◆ The task ◆
The line containing "49.1343741807), (-32.0039994973, 49.1343741807))" marks the end: restate word for word every line from the first line of the entries below through that one.
*** Block opens ***
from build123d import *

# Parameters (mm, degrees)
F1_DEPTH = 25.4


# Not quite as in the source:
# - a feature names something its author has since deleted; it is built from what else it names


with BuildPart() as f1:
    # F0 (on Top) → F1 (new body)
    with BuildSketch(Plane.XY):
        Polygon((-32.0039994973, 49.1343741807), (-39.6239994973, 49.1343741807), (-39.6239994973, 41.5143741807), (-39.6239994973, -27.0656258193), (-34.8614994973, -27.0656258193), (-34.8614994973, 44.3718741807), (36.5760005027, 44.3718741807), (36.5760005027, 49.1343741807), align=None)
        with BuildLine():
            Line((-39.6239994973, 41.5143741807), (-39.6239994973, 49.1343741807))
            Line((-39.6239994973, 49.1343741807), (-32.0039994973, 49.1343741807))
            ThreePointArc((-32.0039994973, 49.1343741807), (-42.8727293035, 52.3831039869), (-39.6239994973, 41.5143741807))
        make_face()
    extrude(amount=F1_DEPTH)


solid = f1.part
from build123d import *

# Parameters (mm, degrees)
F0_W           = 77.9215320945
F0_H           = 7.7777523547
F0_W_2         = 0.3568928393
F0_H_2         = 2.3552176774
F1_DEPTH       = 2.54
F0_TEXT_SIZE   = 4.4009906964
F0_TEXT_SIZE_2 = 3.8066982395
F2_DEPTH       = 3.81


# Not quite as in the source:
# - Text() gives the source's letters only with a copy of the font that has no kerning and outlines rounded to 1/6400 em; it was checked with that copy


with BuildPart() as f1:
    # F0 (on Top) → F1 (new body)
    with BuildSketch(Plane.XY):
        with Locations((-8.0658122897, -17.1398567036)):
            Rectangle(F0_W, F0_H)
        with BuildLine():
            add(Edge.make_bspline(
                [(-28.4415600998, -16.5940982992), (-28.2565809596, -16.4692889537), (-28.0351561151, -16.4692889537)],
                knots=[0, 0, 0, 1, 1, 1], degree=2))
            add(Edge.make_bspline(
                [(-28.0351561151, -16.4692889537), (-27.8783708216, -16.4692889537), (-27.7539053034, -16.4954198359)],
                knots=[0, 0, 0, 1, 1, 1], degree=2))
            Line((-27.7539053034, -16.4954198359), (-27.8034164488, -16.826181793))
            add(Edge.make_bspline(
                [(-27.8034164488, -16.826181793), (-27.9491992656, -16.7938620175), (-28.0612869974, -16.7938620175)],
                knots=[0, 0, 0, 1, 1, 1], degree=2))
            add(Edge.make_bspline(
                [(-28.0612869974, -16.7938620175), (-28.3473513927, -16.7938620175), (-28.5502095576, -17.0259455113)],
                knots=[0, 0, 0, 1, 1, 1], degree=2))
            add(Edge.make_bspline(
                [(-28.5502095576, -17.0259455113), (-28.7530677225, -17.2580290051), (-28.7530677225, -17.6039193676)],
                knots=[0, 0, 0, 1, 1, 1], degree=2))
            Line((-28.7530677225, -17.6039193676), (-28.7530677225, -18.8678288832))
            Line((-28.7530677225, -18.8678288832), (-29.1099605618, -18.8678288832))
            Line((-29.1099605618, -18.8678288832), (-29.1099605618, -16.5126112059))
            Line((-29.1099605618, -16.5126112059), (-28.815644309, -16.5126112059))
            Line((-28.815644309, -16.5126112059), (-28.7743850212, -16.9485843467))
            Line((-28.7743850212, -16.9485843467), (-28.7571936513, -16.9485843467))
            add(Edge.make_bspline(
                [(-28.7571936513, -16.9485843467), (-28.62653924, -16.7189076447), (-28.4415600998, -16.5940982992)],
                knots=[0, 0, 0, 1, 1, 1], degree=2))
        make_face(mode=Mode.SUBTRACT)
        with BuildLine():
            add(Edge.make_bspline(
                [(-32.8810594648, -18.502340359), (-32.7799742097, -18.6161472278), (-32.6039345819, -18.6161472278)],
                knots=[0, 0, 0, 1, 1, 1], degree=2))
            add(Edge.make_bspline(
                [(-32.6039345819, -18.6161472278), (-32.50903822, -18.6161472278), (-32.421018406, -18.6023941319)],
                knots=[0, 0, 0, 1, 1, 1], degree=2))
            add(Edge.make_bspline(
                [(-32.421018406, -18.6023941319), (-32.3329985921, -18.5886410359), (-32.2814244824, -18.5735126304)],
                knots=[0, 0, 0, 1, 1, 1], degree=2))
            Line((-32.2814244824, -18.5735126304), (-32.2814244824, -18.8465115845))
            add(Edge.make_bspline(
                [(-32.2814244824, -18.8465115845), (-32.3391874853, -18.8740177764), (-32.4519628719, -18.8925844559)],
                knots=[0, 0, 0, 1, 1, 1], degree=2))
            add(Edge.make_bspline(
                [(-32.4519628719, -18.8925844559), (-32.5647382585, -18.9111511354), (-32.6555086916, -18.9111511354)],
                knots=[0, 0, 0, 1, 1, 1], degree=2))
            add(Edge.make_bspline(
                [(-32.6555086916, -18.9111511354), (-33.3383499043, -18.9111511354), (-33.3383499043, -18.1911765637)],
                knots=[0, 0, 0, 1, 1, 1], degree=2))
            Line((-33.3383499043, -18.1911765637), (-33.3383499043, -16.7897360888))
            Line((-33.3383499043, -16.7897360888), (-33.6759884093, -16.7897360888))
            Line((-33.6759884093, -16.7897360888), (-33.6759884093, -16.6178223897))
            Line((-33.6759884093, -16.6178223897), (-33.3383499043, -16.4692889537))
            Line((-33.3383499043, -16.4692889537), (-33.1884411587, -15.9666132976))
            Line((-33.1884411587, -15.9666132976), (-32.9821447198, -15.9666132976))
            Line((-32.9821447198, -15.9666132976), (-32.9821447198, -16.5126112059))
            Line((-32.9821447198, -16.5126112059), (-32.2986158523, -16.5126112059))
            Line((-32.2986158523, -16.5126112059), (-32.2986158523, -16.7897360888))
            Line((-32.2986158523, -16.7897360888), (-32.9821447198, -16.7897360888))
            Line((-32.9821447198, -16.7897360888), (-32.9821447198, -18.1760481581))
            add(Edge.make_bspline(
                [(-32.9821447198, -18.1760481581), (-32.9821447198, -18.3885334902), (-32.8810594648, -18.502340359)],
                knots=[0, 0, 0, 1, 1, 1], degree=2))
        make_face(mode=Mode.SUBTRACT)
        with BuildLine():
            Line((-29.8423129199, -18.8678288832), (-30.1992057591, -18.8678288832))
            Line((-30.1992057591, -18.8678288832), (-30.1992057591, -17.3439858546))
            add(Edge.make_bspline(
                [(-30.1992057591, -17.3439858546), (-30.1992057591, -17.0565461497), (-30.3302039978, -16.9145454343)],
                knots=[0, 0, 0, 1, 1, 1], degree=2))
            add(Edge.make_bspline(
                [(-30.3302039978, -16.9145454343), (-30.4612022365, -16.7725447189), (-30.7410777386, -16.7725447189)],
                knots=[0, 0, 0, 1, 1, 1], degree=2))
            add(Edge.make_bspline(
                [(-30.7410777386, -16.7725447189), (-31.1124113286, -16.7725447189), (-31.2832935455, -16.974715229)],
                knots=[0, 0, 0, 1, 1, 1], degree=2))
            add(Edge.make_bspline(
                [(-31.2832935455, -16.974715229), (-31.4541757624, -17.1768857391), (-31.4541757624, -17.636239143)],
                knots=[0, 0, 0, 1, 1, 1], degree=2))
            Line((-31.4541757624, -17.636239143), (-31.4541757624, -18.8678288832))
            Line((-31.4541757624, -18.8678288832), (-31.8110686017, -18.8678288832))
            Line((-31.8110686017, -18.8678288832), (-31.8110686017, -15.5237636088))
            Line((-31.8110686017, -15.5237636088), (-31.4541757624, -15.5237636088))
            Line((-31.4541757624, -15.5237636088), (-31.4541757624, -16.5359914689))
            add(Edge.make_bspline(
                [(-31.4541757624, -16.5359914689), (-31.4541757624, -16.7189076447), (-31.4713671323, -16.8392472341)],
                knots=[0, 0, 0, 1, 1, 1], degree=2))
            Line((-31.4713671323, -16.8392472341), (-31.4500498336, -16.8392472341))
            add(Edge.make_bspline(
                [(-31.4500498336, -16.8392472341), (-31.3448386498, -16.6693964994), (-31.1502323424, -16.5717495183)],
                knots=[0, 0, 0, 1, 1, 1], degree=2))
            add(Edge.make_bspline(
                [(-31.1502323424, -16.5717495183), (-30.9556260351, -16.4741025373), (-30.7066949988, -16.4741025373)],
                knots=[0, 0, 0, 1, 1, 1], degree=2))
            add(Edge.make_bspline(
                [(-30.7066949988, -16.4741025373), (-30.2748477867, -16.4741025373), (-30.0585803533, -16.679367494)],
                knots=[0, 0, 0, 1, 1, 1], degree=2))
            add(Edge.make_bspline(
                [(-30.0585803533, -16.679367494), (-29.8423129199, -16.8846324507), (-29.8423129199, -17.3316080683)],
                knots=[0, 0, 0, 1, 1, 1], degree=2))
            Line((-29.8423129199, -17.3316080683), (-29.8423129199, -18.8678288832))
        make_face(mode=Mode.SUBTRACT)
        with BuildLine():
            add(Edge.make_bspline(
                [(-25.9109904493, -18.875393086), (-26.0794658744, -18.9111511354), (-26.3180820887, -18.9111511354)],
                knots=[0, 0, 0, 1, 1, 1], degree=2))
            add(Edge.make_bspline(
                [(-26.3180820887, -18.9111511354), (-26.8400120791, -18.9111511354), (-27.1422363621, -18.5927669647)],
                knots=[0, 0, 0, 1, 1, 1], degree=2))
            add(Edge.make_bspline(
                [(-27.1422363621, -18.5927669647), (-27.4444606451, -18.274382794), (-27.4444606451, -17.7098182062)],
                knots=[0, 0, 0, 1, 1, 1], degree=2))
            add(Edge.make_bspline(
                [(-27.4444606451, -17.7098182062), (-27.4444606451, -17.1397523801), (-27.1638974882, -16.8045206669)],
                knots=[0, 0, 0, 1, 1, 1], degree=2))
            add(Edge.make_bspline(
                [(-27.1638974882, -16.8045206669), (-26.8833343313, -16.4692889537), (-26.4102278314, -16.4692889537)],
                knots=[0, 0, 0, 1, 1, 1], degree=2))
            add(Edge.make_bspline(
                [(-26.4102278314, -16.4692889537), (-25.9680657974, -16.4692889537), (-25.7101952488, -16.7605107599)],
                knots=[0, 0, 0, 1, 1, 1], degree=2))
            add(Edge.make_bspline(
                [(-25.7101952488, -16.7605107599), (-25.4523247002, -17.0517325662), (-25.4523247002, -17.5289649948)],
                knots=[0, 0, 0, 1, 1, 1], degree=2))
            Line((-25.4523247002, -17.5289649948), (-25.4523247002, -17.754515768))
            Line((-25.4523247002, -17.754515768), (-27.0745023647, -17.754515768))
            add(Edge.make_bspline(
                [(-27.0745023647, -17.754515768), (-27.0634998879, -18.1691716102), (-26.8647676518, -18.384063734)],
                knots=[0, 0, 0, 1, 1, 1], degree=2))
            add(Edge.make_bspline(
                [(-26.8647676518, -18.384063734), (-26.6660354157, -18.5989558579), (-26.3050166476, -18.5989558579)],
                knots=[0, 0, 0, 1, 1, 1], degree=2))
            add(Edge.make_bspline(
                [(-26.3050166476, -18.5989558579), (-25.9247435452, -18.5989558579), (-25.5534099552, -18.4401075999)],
*** Block closes ***
◆ Final answer ◆
from build123d import *

# Parameters (mm, degrees)
F1_DEPTH = 25.4


# Not quite as in the source:
# - a feature names something its author has since deleted; it is built from what else it names


with BuildPart() as f1:
    # F0 (on Top) → F1 (new body)
    with BuildSketch(Plane.XY):
        Polygon((-32.0039994973, 49.1343741807), (-39.6239994973, 49.1343741807), (-39.6239994973, 41.5143741807), (-39.6239994973, -27.0656258193), (-34.8614994973, -27.0656258193), (-34.8614994973, 44.3718741807), (36.5760005027, 44.3718741807), (36.5760005027, 49.1343741807), align=None)
        with BuildLine():
            Line((-39.6239994973, 41.5143741807), (-39.6239994973, 49.1343741807))
            Line((-39.6239994973, 49.1343741807), (-32.0039994973, 49.1343741807))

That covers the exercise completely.